Content starts
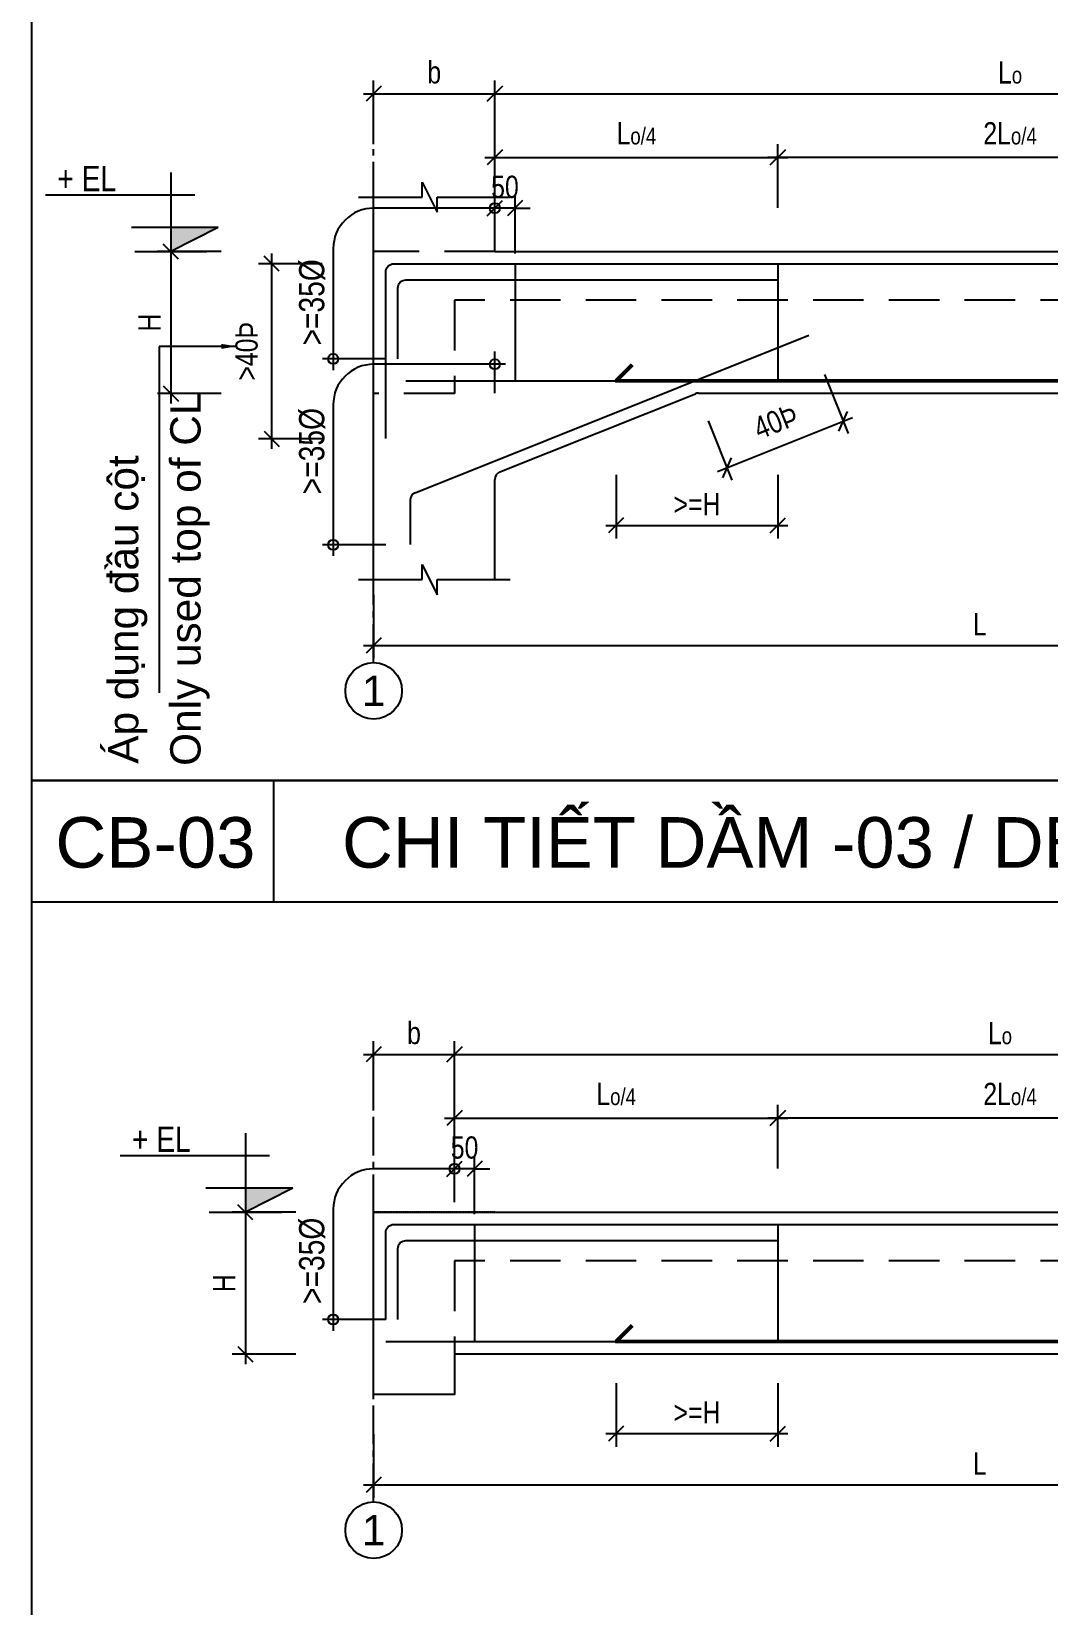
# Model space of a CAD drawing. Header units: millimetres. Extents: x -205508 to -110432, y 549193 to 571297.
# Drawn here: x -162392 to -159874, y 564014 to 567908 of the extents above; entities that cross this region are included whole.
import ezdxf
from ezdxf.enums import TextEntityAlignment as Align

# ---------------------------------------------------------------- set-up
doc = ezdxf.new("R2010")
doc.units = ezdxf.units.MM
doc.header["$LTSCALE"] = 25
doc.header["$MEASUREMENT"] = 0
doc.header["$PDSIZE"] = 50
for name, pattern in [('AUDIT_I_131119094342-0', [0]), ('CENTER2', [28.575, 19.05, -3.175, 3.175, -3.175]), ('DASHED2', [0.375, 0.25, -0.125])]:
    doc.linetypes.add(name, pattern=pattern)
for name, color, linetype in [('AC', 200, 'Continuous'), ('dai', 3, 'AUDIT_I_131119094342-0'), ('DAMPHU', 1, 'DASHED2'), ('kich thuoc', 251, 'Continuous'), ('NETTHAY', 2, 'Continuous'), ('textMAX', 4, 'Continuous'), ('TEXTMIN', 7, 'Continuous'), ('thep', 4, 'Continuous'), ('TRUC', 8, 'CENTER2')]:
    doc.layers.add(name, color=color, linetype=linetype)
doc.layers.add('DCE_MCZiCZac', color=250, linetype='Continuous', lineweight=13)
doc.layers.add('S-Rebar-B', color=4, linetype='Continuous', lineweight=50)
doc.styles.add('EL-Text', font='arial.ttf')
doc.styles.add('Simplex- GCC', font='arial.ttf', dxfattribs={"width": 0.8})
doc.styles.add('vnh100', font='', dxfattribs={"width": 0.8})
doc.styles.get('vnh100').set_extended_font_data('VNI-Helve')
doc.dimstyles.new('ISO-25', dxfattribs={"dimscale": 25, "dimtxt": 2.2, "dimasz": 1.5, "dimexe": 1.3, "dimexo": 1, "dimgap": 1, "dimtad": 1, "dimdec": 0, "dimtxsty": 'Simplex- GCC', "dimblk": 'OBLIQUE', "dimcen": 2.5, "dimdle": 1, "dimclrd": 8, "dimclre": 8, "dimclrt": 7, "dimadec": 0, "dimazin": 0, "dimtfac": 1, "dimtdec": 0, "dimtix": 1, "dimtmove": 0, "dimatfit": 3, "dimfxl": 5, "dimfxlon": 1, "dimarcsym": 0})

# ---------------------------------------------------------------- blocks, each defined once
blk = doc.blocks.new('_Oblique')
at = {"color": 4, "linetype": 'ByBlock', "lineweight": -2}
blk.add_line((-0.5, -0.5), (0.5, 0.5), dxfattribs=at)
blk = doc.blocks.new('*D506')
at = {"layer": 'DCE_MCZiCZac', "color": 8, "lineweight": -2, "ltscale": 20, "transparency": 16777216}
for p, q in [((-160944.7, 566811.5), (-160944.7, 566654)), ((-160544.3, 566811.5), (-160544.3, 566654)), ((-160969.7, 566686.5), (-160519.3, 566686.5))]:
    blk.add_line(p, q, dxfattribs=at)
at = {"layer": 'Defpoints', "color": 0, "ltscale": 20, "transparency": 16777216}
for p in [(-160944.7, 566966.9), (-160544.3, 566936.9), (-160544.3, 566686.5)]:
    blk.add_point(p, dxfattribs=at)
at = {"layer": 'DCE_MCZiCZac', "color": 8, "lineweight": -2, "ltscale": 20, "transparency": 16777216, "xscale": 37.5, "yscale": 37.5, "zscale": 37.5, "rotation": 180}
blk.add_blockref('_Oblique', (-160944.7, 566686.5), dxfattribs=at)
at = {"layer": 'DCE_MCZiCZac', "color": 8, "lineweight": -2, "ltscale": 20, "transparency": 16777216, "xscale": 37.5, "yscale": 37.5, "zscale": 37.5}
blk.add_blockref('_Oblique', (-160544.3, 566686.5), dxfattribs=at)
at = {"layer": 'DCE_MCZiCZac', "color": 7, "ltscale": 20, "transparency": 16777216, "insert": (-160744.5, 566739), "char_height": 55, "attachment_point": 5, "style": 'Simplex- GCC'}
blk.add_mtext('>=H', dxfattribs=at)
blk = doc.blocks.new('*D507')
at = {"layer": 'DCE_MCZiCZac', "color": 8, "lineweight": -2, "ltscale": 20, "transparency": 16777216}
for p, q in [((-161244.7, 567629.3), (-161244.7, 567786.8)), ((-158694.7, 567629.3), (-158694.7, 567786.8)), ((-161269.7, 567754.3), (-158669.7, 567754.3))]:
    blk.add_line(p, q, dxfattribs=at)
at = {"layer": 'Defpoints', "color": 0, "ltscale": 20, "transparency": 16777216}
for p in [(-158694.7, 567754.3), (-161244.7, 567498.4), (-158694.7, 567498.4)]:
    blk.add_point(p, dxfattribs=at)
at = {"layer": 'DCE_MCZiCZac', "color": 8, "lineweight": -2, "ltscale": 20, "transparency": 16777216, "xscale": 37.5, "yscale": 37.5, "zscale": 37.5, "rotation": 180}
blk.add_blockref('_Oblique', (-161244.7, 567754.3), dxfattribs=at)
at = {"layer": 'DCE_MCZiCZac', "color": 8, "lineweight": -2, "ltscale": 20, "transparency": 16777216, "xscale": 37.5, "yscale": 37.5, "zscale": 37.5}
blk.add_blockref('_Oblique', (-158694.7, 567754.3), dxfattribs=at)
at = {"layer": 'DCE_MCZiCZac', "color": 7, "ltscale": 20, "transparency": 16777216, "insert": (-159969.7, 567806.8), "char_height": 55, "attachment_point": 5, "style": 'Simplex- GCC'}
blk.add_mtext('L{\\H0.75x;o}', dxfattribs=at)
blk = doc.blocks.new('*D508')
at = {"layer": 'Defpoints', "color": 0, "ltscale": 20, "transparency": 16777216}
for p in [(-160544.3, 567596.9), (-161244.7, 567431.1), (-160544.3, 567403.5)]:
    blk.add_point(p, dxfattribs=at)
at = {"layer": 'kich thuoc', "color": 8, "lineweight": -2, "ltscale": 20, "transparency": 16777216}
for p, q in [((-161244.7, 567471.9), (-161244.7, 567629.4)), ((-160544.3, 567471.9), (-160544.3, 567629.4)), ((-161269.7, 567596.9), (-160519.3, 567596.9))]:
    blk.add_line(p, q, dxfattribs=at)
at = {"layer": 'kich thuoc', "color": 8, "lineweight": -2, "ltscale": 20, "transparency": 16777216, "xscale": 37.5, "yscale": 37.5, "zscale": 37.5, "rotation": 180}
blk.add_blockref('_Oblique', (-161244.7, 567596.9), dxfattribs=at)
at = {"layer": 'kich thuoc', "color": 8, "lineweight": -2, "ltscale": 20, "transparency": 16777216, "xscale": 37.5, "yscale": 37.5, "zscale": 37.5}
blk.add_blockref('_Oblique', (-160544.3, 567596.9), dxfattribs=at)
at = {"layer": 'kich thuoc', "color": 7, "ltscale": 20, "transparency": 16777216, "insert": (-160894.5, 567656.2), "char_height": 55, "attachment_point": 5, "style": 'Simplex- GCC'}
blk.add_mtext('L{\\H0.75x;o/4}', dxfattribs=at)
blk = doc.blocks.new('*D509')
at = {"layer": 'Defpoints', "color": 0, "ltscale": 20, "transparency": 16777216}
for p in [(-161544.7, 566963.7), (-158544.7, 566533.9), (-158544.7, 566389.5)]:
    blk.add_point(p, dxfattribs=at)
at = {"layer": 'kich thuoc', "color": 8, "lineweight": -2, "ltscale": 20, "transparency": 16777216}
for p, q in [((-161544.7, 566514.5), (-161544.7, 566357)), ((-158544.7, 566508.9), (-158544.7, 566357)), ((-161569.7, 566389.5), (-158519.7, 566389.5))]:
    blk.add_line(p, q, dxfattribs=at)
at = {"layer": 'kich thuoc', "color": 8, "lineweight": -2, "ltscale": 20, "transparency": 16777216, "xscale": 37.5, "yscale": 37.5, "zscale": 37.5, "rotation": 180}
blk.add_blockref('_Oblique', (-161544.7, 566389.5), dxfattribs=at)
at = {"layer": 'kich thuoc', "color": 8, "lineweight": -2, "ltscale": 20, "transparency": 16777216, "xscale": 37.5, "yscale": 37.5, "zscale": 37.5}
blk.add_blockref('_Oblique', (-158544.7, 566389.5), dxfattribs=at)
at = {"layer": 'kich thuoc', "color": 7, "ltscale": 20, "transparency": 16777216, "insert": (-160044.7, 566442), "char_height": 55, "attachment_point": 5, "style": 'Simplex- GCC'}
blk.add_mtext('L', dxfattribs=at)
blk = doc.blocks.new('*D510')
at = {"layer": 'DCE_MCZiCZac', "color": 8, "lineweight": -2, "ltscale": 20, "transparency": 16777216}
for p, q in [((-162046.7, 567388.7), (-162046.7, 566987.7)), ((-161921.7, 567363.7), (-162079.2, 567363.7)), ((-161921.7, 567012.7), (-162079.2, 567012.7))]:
Content ends
Say how many lines of the preceding data include the word "ezdxf". The number is the whole answer.

4